When I am done, she says: "You are going to be okay."

"Lena?"

"Yes."

"I think I have to leave Boston."

She looks at me for a long second.

"After the baby?"

"After the baby. Maybe before. The job in Pittsburgh — they've asked twice. I haven't said no since the second ask. The salary is the same. The clinic is smaller. The press in Pittsburgh would not care about me past the first week."

"And Kieran?"

"Kieran has Game 5 tomorrow."

"That is not what I asked, mija."

"I know."

I do not, for several seconds, answer her.

I say, finally: "He cannot fight for me without losing his daughter. He cannot lose his daughter and still coach a Game 5. His prep day for tomorrow's game is already gone, and he has to coach it anyway."

"Greer."

"Yes."

"I'm going to tell you something you do not want to hear."

"Tell me."

"He is going to figure out what to fight for. You are not the one who has to figure it out for him."

I look at her. She does not, in the look back, blink.

"And if I don't give him the choice?"

"Then he doesn't get to make it. You don't get to find out what he would have decided. Six weeks from now you are in Pittsburgh with a baby in your arms wondering if he would have chosen you, and he is in Boston with a daughter who is still not speaking to him wondering if you would have stayed."

I close my eyes.

* * *

Kieran calls a little after eight.

He calls between Game 5 video review and the team flight to New York.
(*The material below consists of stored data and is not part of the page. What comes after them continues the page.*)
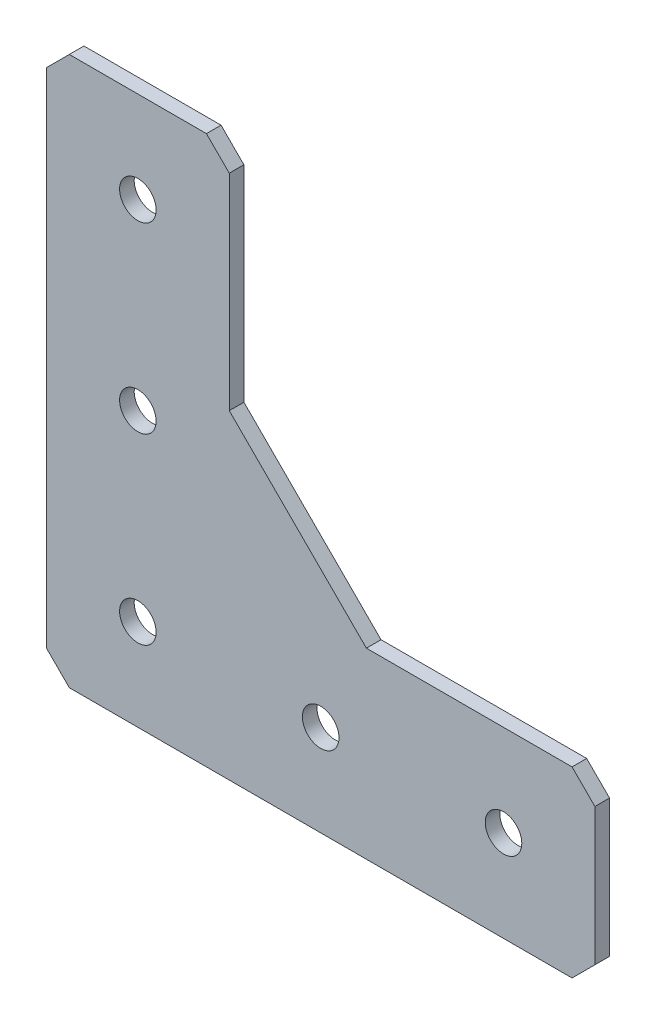
ISO-10303-21;
HEADER;
FILE_DESCRIPTION(('STEP AP214'),'2;1');
FILE_NAME('part.step','',(''),(''),'','','');
FILE_SCHEMA(('AUTOMOTIVE_DESIGN { 1 0 10303 214 1 1 1 1 }'));
ENDSEC;
DATA;
#1=APPLICATION_CONTEXT('core data for automotive mechanical design processes');
#2=APPLICATION_PROTOCOL_DEFINITION('international standard','automotive_design',2000,#1);
#3=PRODUCT_CONTEXT('',#1,'mechanical');
#4=PRODUCT('Part','Part','',(#3));
#5=PRODUCT_RELATED_PRODUCT_CATEGORY('part','',(#4));
#6=PRODUCT_DEFINITION_FORMATION('','',#4);
#7=PRODUCT_DEFINITION_CONTEXT('part definition',#1,'design');
#8=PRODUCT_DEFINITION('design','',#6,#7);
#9=PRODUCT_DEFINITION_SHAPE('','',#8);
#10=(LENGTH_UNIT() NAMED_UNIT(*) SI_UNIT(.MILLI.,.METRE.));
#11=(NAMED_UNIT(*) PLANE_ANGLE_UNIT() SI_UNIT($,.RADIAN.));
#12=(NAMED_UNIT(*) SI_UNIT($,.STERADIAN.) SOLID_ANGLE_UNIT());
#13=UNCERTAINTY_MEASURE_WITH_UNIT(LENGTH_MEASURE(1.E-05),#10,'distance_accuracy_value','');
#14=(GEOMETRIC_REPRESENTATION_CONTEXT(3) GLOBAL_UNCERTAINTY_ASSIGNED_CONTEXT((#13)) GLOBAL_UNIT_ASSIGNED_CONTEXT((#10,
#11,#12)) REPRESENTATION_CONTEXT('',''));
#15=CARTESIAN_POINT('',(0.,0.,0.));
#16=DIRECTION('',(0.,0.,1.));
#17=DIRECTION('',(1.,0.,0.));
#18=AXIS2_PLACEMENT_3D('',#15,#16,#17);
#19=CARTESIAN_POINT('',(0.,0.,1.016));
#20=DIRECTION('',(0.,0.,1.));
#21=DIRECTION('',(1.,0.,0.));
#22=AXIS2_PLACEMENT_3D('',#19,#20,#21);
#23=PLANE('',#22);
#24=CARTESIAN_POINT('',(38.1,12.7,1.016));
#25=DIRECTION('',(0.,0.,1.));
#26=DIRECTION('',(1.,0.,0.));
#27=AXIS2_PLACEMENT_3D('',#24,#25,#26);
#28=CIRCLE('',#27,2.54);
#29=CARTESIAN_POINT('',(40.64,12.7,1.016));
#30=VERTEX_POINT('',#29);
#31=EDGE_CURVE('E298',#30,#30,#28,.T.);
#32=ORIENTED_EDGE('',*,*,#31,.F.);
#33=EDGE_LOOP('',(#32));
#34=FACE_BOUND('',#33,.T.);
#35=CARTESIAN_POINT('',(12.7,38.1,1.016));
#36=DIRECTION('',(0.,0.,1.));
#37=DIRECTION('',(1.,0.,0.));
#38=AXIS2_PLACEMENT_3D('',#35,#36,#37);
#39=CIRCLE('',#38,2.53999999999999);
#40=CARTESIAN_POINT('',(15.24,38.1,1.016));
#41=VERTEX_POINT('',#40);
#42=EDGE_CURVE('E310',#41,#41,#39,.T.);
#43=ORIENTED_EDGE('',*,*,#42,.F.);
#44=EDGE_LOOP('',(#43));
#45=FACE_BOUND('',#44,.T.);
#46=DIRECTION('',(-0.70710678118655,0.707106781186545,0.));
#47=VECTOR('',#46,1.);
#48=CARTESIAN_POINT('',(76.2,22.225,1.016));
#49=LINE('',#48,#47);
#50=CARTESIAN_POINT('',(76.2,22.225,1.016));
#51=VERTEX_POINT('',#50);
#52=CARTESIAN_POINT('',(73.0249999999999,25.4,1.016));
#53=VERTEX_POINT('',#52);
#54=EDGE_CURVE('E179',#51,#53,#49,.T.);
#55=ORIENTED_EDGE('',*,*,#54,.T.);
#56=DIRECTION('',(-1.,0.,0.));
#57=VECTOR('',#56,1.);
#58=CARTESIAN_POINT('',(73.0249999999999,25.4,1.016));
#59=LINE('',#58,#57);
#60=CARTESIAN_POINT('',(44.45,25.4,1.016));
#61=VERTEX_POINT('',#60);
#62=EDGE_CURVE('E107',#53,#61,#59,.T.);
#63=ORIENTED_EDGE('',*,*,#62,.T.);
#64=DIRECTION('',(-0.707106781186544,0.707106781186551,0.));
#65=VECTOR('',#64,1.);
#66=CARTESIAN_POINT('',(44.45,25.4,1.016));
#67=LINE('',#66,#65);
#68=CARTESIAN_POINT('',(25.4,44.4500000000001,1.016));
#69=VERTEX_POINT('',#68);
#70=EDGE_CURVE('E206',#61,#69,#67,.T.);
#71=ORIENTED_EDGE('',*,*,#70,.T.);
#72=DIRECTION('',(0.,1.,0.));
#73=VECTOR('',#72,1.);
#74=CARTESIAN_POINT('',(25.4,44.4500000000001,1.016));
#75=LINE('',#74,#73);
#76=CARTESIAN_POINT('',(25.4,73.025,1.016));
#77=VERTEX_POINT('',#76);
#78=EDGE_CURVE('E225',#69,#77,#75,.T.);
#79=ORIENTED_EDGE('',*,*,#78,.T.);
#80=DIRECTION('',(-0.707106781186545,0.70710678118655,0.));
#81=VECTOR('',#80,1.);
#82=CARTESIAN_POINT('',(25.4,73.025,1.016));
#83=LINE('',#82,#81);
#84=CARTESIAN_POINT('',(22.225,76.2,1.016));
#85=VERTEX_POINT('',#84);
#86=EDGE_CURVE('E222',#77,#85,#83,.T.);
#87=ORIENTED_EDGE('',*,*,#86,.T.);
#88=DIRECTION('',(-1.,0.,0.));
#89=VECTOR('',#88,1.);
#90=CARTESIAN_POINT('',(22.225,76.2,1.016));
#91=LINE('',#90,#89);
#92=CARTESIAN_POINT('',(3.17500000000003,76.2,1.016));
#93=VERTEX_POINT('',#92);
#94=EDGE_CURVE('E224',#85,#93,#91,.T.);
#95=ORIENTED_EDGE('',*,*,#94,.T.);
#96=DIRECTION('',(-0.707106781186553,-0.707106781186542,0.));
#97=VECTOR('',#96,1.);
#98=CARTESIAN_POINT('',(3.17500000000003,76.2,1.016));
#99=LINE('',#98,#97);
#100=CARTESIAN_POINT('',(0.,73.025,1.016));
#101=VERTEX_POINT('',#100);
#102=EDGE_CURVE('E227',#93,#101,#99,.T.);
#103=ORIENTED_EDGE('',*,*,#102,.T.);
#104=DIRECTION('',(0.,-1.,0.));
#105=VECTOR('',#104,1.);
#106=CARTESIAN_POINT('',(0.,73.025,1.016));
#107=LINE('',#106,#105);
#108=CARTESIAN_POINT('',(0.,3.17500000000001,1.016));
#109=VERTEX_POINT('',#108);
#110=EDGE_CURVE('E233',#101,#109,#107,.T.);
#111=ORIENTED_EDGE('',*,*,#110,.T.);
#112=DIRECTION('',(0.707106781186546,-0.707106781186549,0.));
#113=VECTOR('',#112,1.);
#114=CARTESIAN_POINT('',(0.,3.17500000000001,1.016));
#115=LINE('',#114,#113);
#116=CARTESIAN_POINT('',(3.175,0.,1.016));
#117=VERTEX_POINT('',#116);
#118=EDGE_CURVE('E138',#109,#117,#115,.T.);
#119=ORIENTED_EDGE('',*,*,#118,.T.);
#120=DIRECTION('',(1.,0.,0.));
#121=VECTOR('',#120,1.);
#122=CARTESIAN_POINT('',(3.175,0.,1.016));
#123=LINE('',#122,#121);
#124=CARTESIAN_POINT('',(73.0249999999999,0.,1.016));
#125=VERTEX_POINT('',#124);
#126=EDGE_CURVE('E132',#117,#125,#123,.T.);
#127=ORIENTED_EDGE('',*,*,#126,.T.);
#128=DIRECTION('',(0.707106781186551,0.707106781186544,0.));
#129=VECTOR('',#128,1.);
#130=CARTESIAN_POINT('',(73.0249999999999,0.,1.016));
#131=LINE('',#130,#129);
#132=CARTESIAN_POINT('',(76.2,3.175,1.016));
#133=VERTEX_POINT('',#132);
#134=EDGE_CURVE('E136',#125,#133,#131,.T.);
#135=ORIENTED_EDGE('',*,*,#134,.T.);
#136=DIRECTION('',(0.,1.,0.));
#137=VECTOR('',#136,1.);
#138=CARTESIAN_POINT('',(76.2,3.175,1.016));
#139=LINE('',#138,#137);
#140=EDGE_CURVE('E52',#133,#51,#139,.T.);
#141=ORIENTED_EDGE('',*,*,#140,.T.);
#142=EDGE_LOOP('',(#55,#63,#71,#79,#87,#95,#103,#111,#119,#127,#135,#141));
#143=FACE_BOUND('',#142,.T.);
#144=CARTESIAN_POINT('',(12.7,12.7,1.016));
#145=DIRECTION('',(0.,0.,1.));
#146=DIRECTION('',(1.,0.,0.));
#147=AXIS2_PLACEMENT_3D('',#144,#145,#146);
#148=CIRCLE('',#147,2.53999999999999);
#149=CARTESIAN_POINT('',(15.24,12.7,1.016));
#150=VERTEX_POINT('',#149);
#151=EDGE_CURVE('E160',#150,#150,#148,.T.);
#152=ORIENTED_EDGE('',*,*,#151,.F.);
#153=EDGE_LOOP('',(#152));
#154=FACE_BOUND('',#153,.T.);
#155=CARTESIAN_POINT('',(12.7,63.5,1.016));
#156=DIRECTION('',(0.,0.,1.));
#157=DIRECTION('',(1.,0.,0.));
#158=AXIS2_PLACEMENT_3D('',#155,#156,#157);
#159=CIRCLE('',#158,2.53999999999999);
#160=CARTESIAN_POINT('',(15.24,63.5,1.016));
#161=VERTEX_POINT('',#160);
#162=EDGE_CURVE('E304',#161,#161,#159,.T.);
#163=ORIENTED_EDGE('',*,*,#162,.F.);
#164=EDGE_LOOP('',(#163));
#165=FACE_BOUND('',#164,.T.);
#166=CARTESIAN_POINT('',(63.5,12.7,1.016));
#167=DIRECTION('',(0.,0.,1.));
#168=DIRECTION('',(1.,0.,0.));
#169=AXIS2_PLACEMENT_3D('',#166,#167,#168);
#170=CIRCLE('',#169,2.54000000000001);
#171=CARTESIAN_POINT('',(66.04,12.7,1.016));
#172=VERTEX_POINT('',#171);
#173=EDGE_CURVE('E289',#172,#172,#170,.T.);
#174=ORIENTED_EDGE('',*,*,#173,.F.);
#175=EDGE_LOOP('',(#174));
#176=FACE_BOUND('',#175,.T.);
#177=ADVANCED_FACE('F35',(#34,#45,#143,#154,#165,#176),#23,.T.);
#178=CARTESIAN_POINT('',(0.,0.,-1.016));
#179=DIRECTION('',(0.,0.,1.));
#180=DIRECTION('',(1.,0.,0.));
#181=AXIS2_PLACEMENT_3D('',#178,#179,#180);
#182=PLANE('',#181);
#183=CARTESIAN_POINT('',(38.1,12.7,-1.016));
#184=DIRECTION('',(0.,0.,1.));
#185=DIRECTION('',(1.,0.,0.));
#186=AXIS2_PLACEMENT_3D('',#183,#184,#185);
#187=CIRCLE('',#186,2.54);
#188=CARTESIAN_POINT('',(40.64,12.7,-1.016));
#189=VERTEX_POINT('',#188);
#190=EDGE_CURVE('E295',#189,#189,#187,.T.);
#191=ORIENTED_EDGE('',*,*,#190,.T.);
#192=EDGE_LOOP('',(#191));
#193=FACE_BOUND('',#192,.T.);
#194=CARTESIAN_POINT('',(12.7,38.1,-1.016));
#195=DIRECTION('',(0.,0.,1.));
#196=DIRECTION('',(1.,0.,0.));
#197=AXIS2_PLACEMENT_3D('',#194,#195,#196);
#198=CIRCLE('',#197,2.53999999999999);
#199=CARTESIAN_POINT('',(15.24,38.1,-1.016));
#200=VERTEX_POINT('',#199);
#201=EDGE_CURVE('E307',#200,#200,#198,.T.);
#202=ORIENTED_EDGE('',*,*,#201,.T.);
#203=EDGE_LOOP('',(#202));
#204=FACE_BOUND('',#203,.T.);
#205=DIRECTION('',(-0.70710678118655,0.707106781186545,0.));
#206=VECTOR('',#205,1.);
#207=CARTESIAN_POINT('',(76.2,22.225,-1.016));
#208=LINE('',#207,#206);
#209=CARTESIAN_POINT('',(76.2,22.225,-1.016));
#210=VERTEX_POINT('',#209);
#211=CARTESIAN_POINT('',(73.0249999999999,25.4,-1.016));
#212=VERTEX_POINT('',#211);
#213=EDGE_CURVE('E156',#210,#212,#208,.T.);
#214=ORIENTED_EDGE('',*,*,#213,.F.);
#215=DIRECTION('',(0.,1.,0.));
#216=VECTOR('',#215,1.);
#217=CARTESIAN_POINT('',(76.2,3.175,-1.016));
#218=LINE('',#217,#216);
#219=CARTESIAN_POINT('',(76.2,3.175,-1.016));
#220=VERTEX_POINT('',#219);
#221=EDGE_CURVE('E99',#220,#210,#218,.T.);
#222=ORIENTED_EDGE('',*,*,#221,.F.);
#223=DIRECTION('',(0.707106781186551,0.707106781186544,0.));
#224=VECTOR('',#223,1.);
#225=CARTESIAN_POINT('',(73.0249999999999,0.,-1.016));
#226=LINE('',#225,#224);
#227=CARTESIAN_POINT('',(73.0249999999999,0.,-1.016));
#228=VERTEX_POINT('',#227);
#229=EDGE_CURVE('E93',#228,#220,#226,.T.);
#230=ORIENTED_EDGE('',*,*,#229,.F.);
#231=DIRECTION('',(1.,0.,0.));
#232=VECTOR('',#231,1.);
#233=CARTESIAN_POINT('',(3.175,0.,-1.016));
#234=LINE('',#233,#232);
#235=CARTESIAN_POINT('',(3.175,0.,-1.016));
#236=VERTEX_POINT('',#235);
#237=EDGE_CURVE('E146',#236,#228,#234,.T.);
#238=ORIENTED_EDGE('',*,*,#237,.F.);
#239=DIRECTION('',(0.707106781186546,-0.707106781186549,0.));
#240=VECTOR('',#239,1.);
#241=CARTESIAN_POINT('',(0.,3.17500000000001,-1.016));
#242=LINE('',#241,#240);
#243=CARTESIAN_POINT('',(0.,3.17500000000001,-1.016));
#244=VERTEX_POINT('',#243);
#245=EDGE_CURVE('E174',#244,#236,#242,.T.);
#246=ORIENTED_EDGE('',*,*,#245,.F.);
#247=DIRECTION('',(0.,-1.,0.));
#248=VECTOR('',#247,1.);
#249=CARTESIAN_POINT('',(0.,73.025,-1.016));
#250=LINE('',#249,#248);
#251=CARTESIAN_POINT('',(0.,73.025,-1.016));
#252=VERTEX_POINT('',#251);
#253=EDGE_CURVE('E172',#252,#244,#250,.T.);
#254=ORIENTED_EDGE('',*,*,#253,.F.);
#255=DIRECTION('',(-0.707106781186553,-0.707106781186542,0.));
#256=VECTOR('',#255,1.);
#257=CARTESIAN_POINT('',(3.17500000000003,76.2,-1.016));
#258=LINE('',#257,#256);
#259=CARTESIAN_POINT('',(3.17500000000003,76.2,-1.016));
#260=VERTEX_POINT('',#259);
#261=EDGE_CURVE('E170',#260,#252,#258,.T.);
#262=ORIENTED_EDGE('',*,*,#261,.F.);
#263=DIRECTION('',(-1.,0.,0.));
#264=VECTOR('',#263,1.);
#265=CARTESIAN_POINT('',(22.225,76.2,-1.016));
#266=LINE('',#265,#264);
#267=CARTESIAN_POINT('',(22.225,76.2,-1.016));
#268=VERTEX_POINT('',#267);
#269=EDGE_CURVE('E168',#268,#260,#266,.T.);
#270=ORIENTED_EDGE('',*,*,#269,.F.);
#271=DIRECTION('',(-0.707106781186545,0.70710678118655,0.));
#272=VECTOR('',#271,1.);
#273=CARTESIAN_POINT('',(25.4,73.025,-1.016));
#274=LINE('',#273,#272);
#275=CARTESIAN_POINT('',(25.4,73.025,-1.016));
#276=VERTEX_POINT('',#275);
#277=EDGE_CURVE('E166',#276,#268,#274,.T.);
#278=ORIENTED_EDGE('',*,*,#277,.F.);
#279=DIRECTION('',(0.,1.,0.));
#280=VECTOR('',#279,1.);
#281=CARTESIAN_POINT('',(25.4,44.4500000000001,-1.016));
#282=LINE('',#281,#280);
#283=CARTESIAN_POINT('',(25.4,44.4500000000001,-1.016));
#284=VERTEX_POINT('',#283);
#285=EDGE_CURVE('E164',#284,#276,#282,.T.);
#286=ORIENTED_EDGE('',*,*,#285,.F.);
#287=DIRECTION('',(-0.707106781186544,0.707106781186551,0.));
#288=VECTOR('',#287,1.);
#289=CARTESIAN_POINT('',(44.45,25.4,-1.016));
#290=LINE('',#289,#288);
#291=CARTESIAN_POINT('',(44.45,25.4,-1.016));
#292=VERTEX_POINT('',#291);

He says he wishes he were here, that he saw the photos from the parking garage, that the franchise's communications director has logged forty-three calls from outlets since one this afternoon and the line is holding. He says he loves me.

I tell him I love him. I tell him about Lena and the quesadilla and my mother. I tell him I am going to sleep.

I do not tell him about Pittsburgh.

He does not tell me about whatever is in his own head about the next thirty-six hours and Game 5 and Indie.

We hang up.

I sit on the couch with the phone in my hand.

In the seven-minute call, I said none of the things I most needed to say to him, and he probably said none of the things he most needed to say to me, and we both did it on purpose because neither of us has, this evening, the energy to also be the person who breaks the other's heart.

Lena watches me from the armchair. She does not, when I look up, say anything.

* * *

A little after eleven, I open the laptop on the kitchen counter.

I pull the resignation letter out of the drafts folder.

I wrote it ten nights ago, the night Lena drove up after the licensing-board conversation Priya and I had on the phone in the afternoon.

The letter is one paragraph. It thanks the franchise.

It names the licensing-board inquiry as the reason.

It offers to assist in the transition over the next four weeks.

It is signed Greer Callahan, DPT, Head Physical Therapist, Boston Barons.

I read it through three times.

I change two words. I change a comma. I save it back to drafts.

I do not send it.

Lena is asleep on the couch under the throw blanket I gave her when she moved into her apartment in Providence. The television is off. The radiator under the window hums.

I sit at the kitchen table with the laptop closed.

Finally, I go to the bedroom and lie down in the bed without changing out of my clothes. The pillow next to mine still smells like him. The duvet is still pulled back the way he pulled it back at five this morning when he left for the team flight.

I close my eyes, but cannot find sleep.

The letter is in drafts.

Tomorrow morning I will decide whether to send it.

Tomorrow morning Kieran will coach Game 5 in New York.

Tomorrow morning Indie will, likely, still not be answering the phone.

I lie in the bed with my eyes open and let the dark of late April in Boston come in through the front window.

The night is the longest I have had in this apartment.